* Your objective *
Beginning with the line that holds "#38=AXIS2_PLACEMENT_3D('',#35,#36,#37);" in the data below, give again every line through the one that holds "#52=VERTEX_POINT('',#51);", exactly as written.

* Given information *
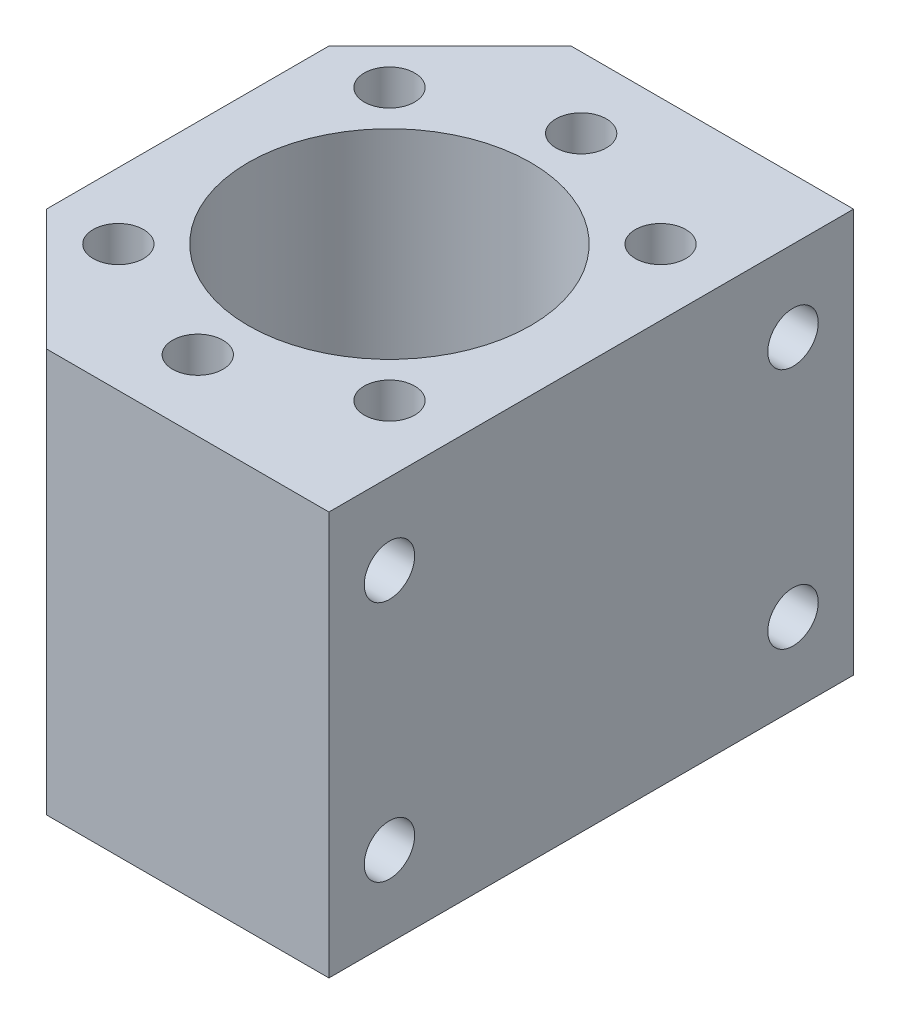
ISO-10303-21;
HEADER;
FILE_DESCRIPTION(('STEP AP214'),'2;1');
FILE_NAME('part.step','',(''),(''),'','','');
FILE_SCHEMA(('AUTOMOTIVE_DESIGN { 1 0 10303 214 1 1 1 1 }'));
ENDSEC;
DATA;
#1=APPLICATION_CONTEXT('core data for automotive mechanical design processes');
#2=APPLICATION_PROTOCOL_DEFINITION('international standard','automotive_design',2000,#1);
#3=PRODUCT_CONTEXT('',#1,'mechanical');
#4=PRODUCT('Part','Part','',(#3));
#5=PRODUCT_RELATED_PRODUCT_CATEGORY('part','',(#4));
#6=PRODUCT_DEFINITION_FORMATION('','',#4);
#7=PRODUCT_DEFINITION_CONTEXT('part definition',#1,'design');
#8=PRODUCT_DEFINITION('design','',#6,#7);
#9=PRODUCT_DEFINITION_SHAPE('','',#8);
#10=(LENGTH_UNIT() NAMED_UNIT(*) SI_UNIT(.MILLI.,.METRE.));
#11=(NAMED_UNIT(*) PLANE_ANGLE_UNIT() SI_UNIT($,.RADIAN.));
#12=(NAMED_UNIT(*) SI_UNIT($,.STERADIAN.) SOLID_ANGLE_UNIT());
#13=UNCERTAINTY_MEASURE_WITH_UNIT(LENGTH_MEASURE(1.E-05),#10,'distance_accuracy_value','');
#14=(GEOMETRIC_REPRESENTATION_CONTEXT(3) GLOBAL_UNCERTAINTY_ASSIGNED_CONTEXT((#13)) GLOBAL_UNIT_ASSIGNED_CONTEXT((#10,
#11,#12)) REPRESENTATION_CONTEXT('',''));
#15=CARTESIAN_POINT('',(0.,0.,0.));
#16=DIRECTION('',(0.,0.,1.));
#17=DIRECTION('',(1.,0.,0.));
#18=AXIS2_PLACEMENT_3D('',#15,#16,#17);
#19=CARTESIAN_POINT('',(0.,40.,0.));
#20=DIRECTION('',(0.,-1.,0.));
#21=DIRECTION('',(0.,0.,-1.));
#22=AXIS2_PLACEMENT_3D('',#19,#20,#21);
#23=PLANE('',#22);
#24=CARTESIAN_POINT('',(-13.4350288425439,40.,-13.4350288425433));
#25=DIRECTION('',(0.,1.,0.));
#26=DIRECTION('',(0.,0.,1.));
#27=AXIS2_PLACEMENT_3D('',#24,#25,#26);
#28=CIRCLE('',#27,2.50000000000101);
#29=CARTESIAN_POINT('',(-13.4350288425439,40.,-10.9350288425422));
#30=VERTEX_POINT('',#29);
#31=EDGE_CURVE('E272',#30,#30,#28,.T.);
#32=ORIENTED_EDGE('',*,*,#31,.F.);
#33=EDGE_LOOP('',(#32));
#34=FACE_BOUND('',#33,.T.);
#35=CARTESIAN_POINT('',(-13.4350288425416,40.,13.4350288425455));
#36=DIRECTION('',(0.,1.,0.));
#37=DIRECTION('',(0.,0.,1.));
#38=AXIS2_PLACEMENT_3D('',#35,#36,#37);
#39=CIRCLE('',#38,2.50000000000313);
#40=CARTESIAN_POINT('',(-13.4350288425416,40.,15.9350288425487));
#41=VERTEX_POINT('',#40);
#42=EDGE_CURVE('E278',#41,#41,#39,.T.);
#43=ORIENTED_EDGE('',*,*,#42,.F.);
#44=EDGE_LOOP('',(#43));
#45=FACE_BOUND('',#44,.T.);
#46=CARTESIAN_POINT('',(3.2354212172293E-12,40.,19.));
#47=DIRECTION('',(0.,1.,0.));
#48=DIRECTION('',(0.,0.,1.));
#49=AXIS2_PLACEMENT_3D('',#46,#47,#48);
#50=CIRCLE('',#49,2.50000000000322);
#51=CARTESIAN_POINT('',(3.2354212172293E-12,40.,21.5000000000032));
#52=VERTEX_POINT('',#51);
#53=EDGE_CURVE('E284',#52,#52,#50,.T.);
#54=ORIENTED_EDGE('',*,*,#53,.F.);
#55=EDGE_LOOP('',(#54));
#56=FACE_BOUND('',#55,.T.);
#57=CARTESIAN_POINT('',(13.4350288425472,40.,13.4350288425433));
#58=DIRECTION('',(0.,1.,0.));
#59=DIRECTION('',(0.,0.,1.));
#60=AXIS2_PLACEMENT_3D('',#57,#58,#59);
#61=CIRCLE('',#60,2.5000000000024);
#62=CARTESIAN_POINT('',(13.4350288425472,40.,15.9350288425457));
#63=VERTEX_POINT('',#62);
#64=EDGE_CURVE('E290',#63,#63,#61,.T.);
#65=ORIENTED_EDGE('',*,*,#64,.F.);
#66=EDGE_LOOP('',(#65));
#67=FACE_BOUND('',#66,.T.);
#68=CARTESIAN_POINT('',(13.4350288425449,40.,-13.4350288425455));
#69=DIRECTION('',(0.,1.,0.));
#70=DIRECTION('',(0.,0.,1.));
#71=AXIS2_PLACEMENT_3D('',#68,#69,#70);
#72=CIRCLE('',#71,2.50000000000015);
#73=CARTESIAN_POINT('',(13.4350288425449,40.,-10.9350288425454));
#74=VERTEX_POINT('',#73);
#75=EDGE_CURVE('E296',#74,#74,#72,.T.);
#76=ORIENTED_EDGE('',*,*,#75,.F.);
#77=EDGE_LOOP('',(#76));
#78=FACE_BOUND('',#77,.T.);
#79=CARTESIAN_POINT('',(0.,40.,-19.));
#80=DIRECTION('',(0.,1.,0.));
#81=DIRECTION('',(0.,0.,1.));
#82=AXIS2_PLACEMENT_3D('',#79,#80,#81);
#83=CIRCLE('',#82,2.5);
#84=CARTESIAN_POINT('',(0.,40.,-16.5));
#85=VERTEX_POINT('',#84);
#86=EDGE_CURVE('E302',#85,#85,#83,.T.);
#87=ORIENTED_EDGE('',*,*,#86,.F.);
#88=EDGE_LOOP('',(#87));
#89=FACE_BOUND('',#88,.T.);
#90=DIRECTION('',(0.,0.,-1.));
#91=VECTOR('',#90,1.);
#92=CARTESIAN_POINT('',(20.,40.,26.));
#93=LINE('',#92,#91);
#94=CARTESIAN_POINT('',(20.,40.,26.));
#95=VERTEX_POINT('',#94);
#96=CARTESIAN_POINT('',(20.,40.,-26.));
#97=VERTEX_POINT('',#96);
#98=EDGE_CURVE('E132',#95,#97,#93,.T.);
#99=ORIENTED_EDGE('',*,*,#98,.T.);
#100=DIRECTION('',(-1.,0.,0.));
#101=VECTOR('',#100,1.);
#102=CARTESIAN_POINT('',(-8.,40.,-26.));
#103=LINE('',#102,#101);
#104=CARTESIAN_POINT('',(-8.,40.,-26.));
#105=VERTEX_POINT('',#104);
#106=EDGE_CURVE('E90',#97,#105,#103,.T.);
#107=ORIENTED_EDGE('',*,*,#106,.T.);
#108=DIRECTION('',(-0.707106781186548,0.,0.707106781186547));
#109=VECTOR('',#108,1.);
#110=CARTESIAN_POINT('',(-20.,40.,-14.));
#111=LINE('',#110,#109);
#112=CARTESIAN_POINT('',(-20.,40.,-14.));
#113=VERTEX_POINT('',#112);
#114=EDGE_CURVE('E103',#105,#113,#111,.T.);
#115=ORIENTED_EDGE('',*,*,#114,.T.);
#116=DIRECTION('',(0.,0.,1.));
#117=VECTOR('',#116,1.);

* Solution *
#38=AXIS2_PLACEMENT_3D('',#35,#36,#37);
#39=CIRCLE('',#38,2.50000000000313);
#40=CARTESIAN_POINT('',(-13.4350288425416,40.,15.9350288425487));
#41=VERTEX_POINT('',#40);
#42=EDGE_CURVE('E278',#41,#41,#39,.T.);
#43=ORIENTED_EDGE('',*,*,#42,.F.);
#44=EDGE_LOOP('',(#43));
#45=FACE_BOUND('',#44,.T.);
#46=CARTESIAN_POINT('',(3.2354212172293E-12,40.,19.));
#47=DIRECTION('',(0.,1.,0.));
#48=DIRECTION('',(0.,0.,1.));
#49=AXIS2_PLACEMENT_3D('',#46,#47,#48);
#50=CIRCLE('',#49,2.50000000000322);
#51=CARTESIAN_POINT('',(3.2354212172293E-12,40.,21.5000000000032));
#52=VERTEX_POINT('',#51);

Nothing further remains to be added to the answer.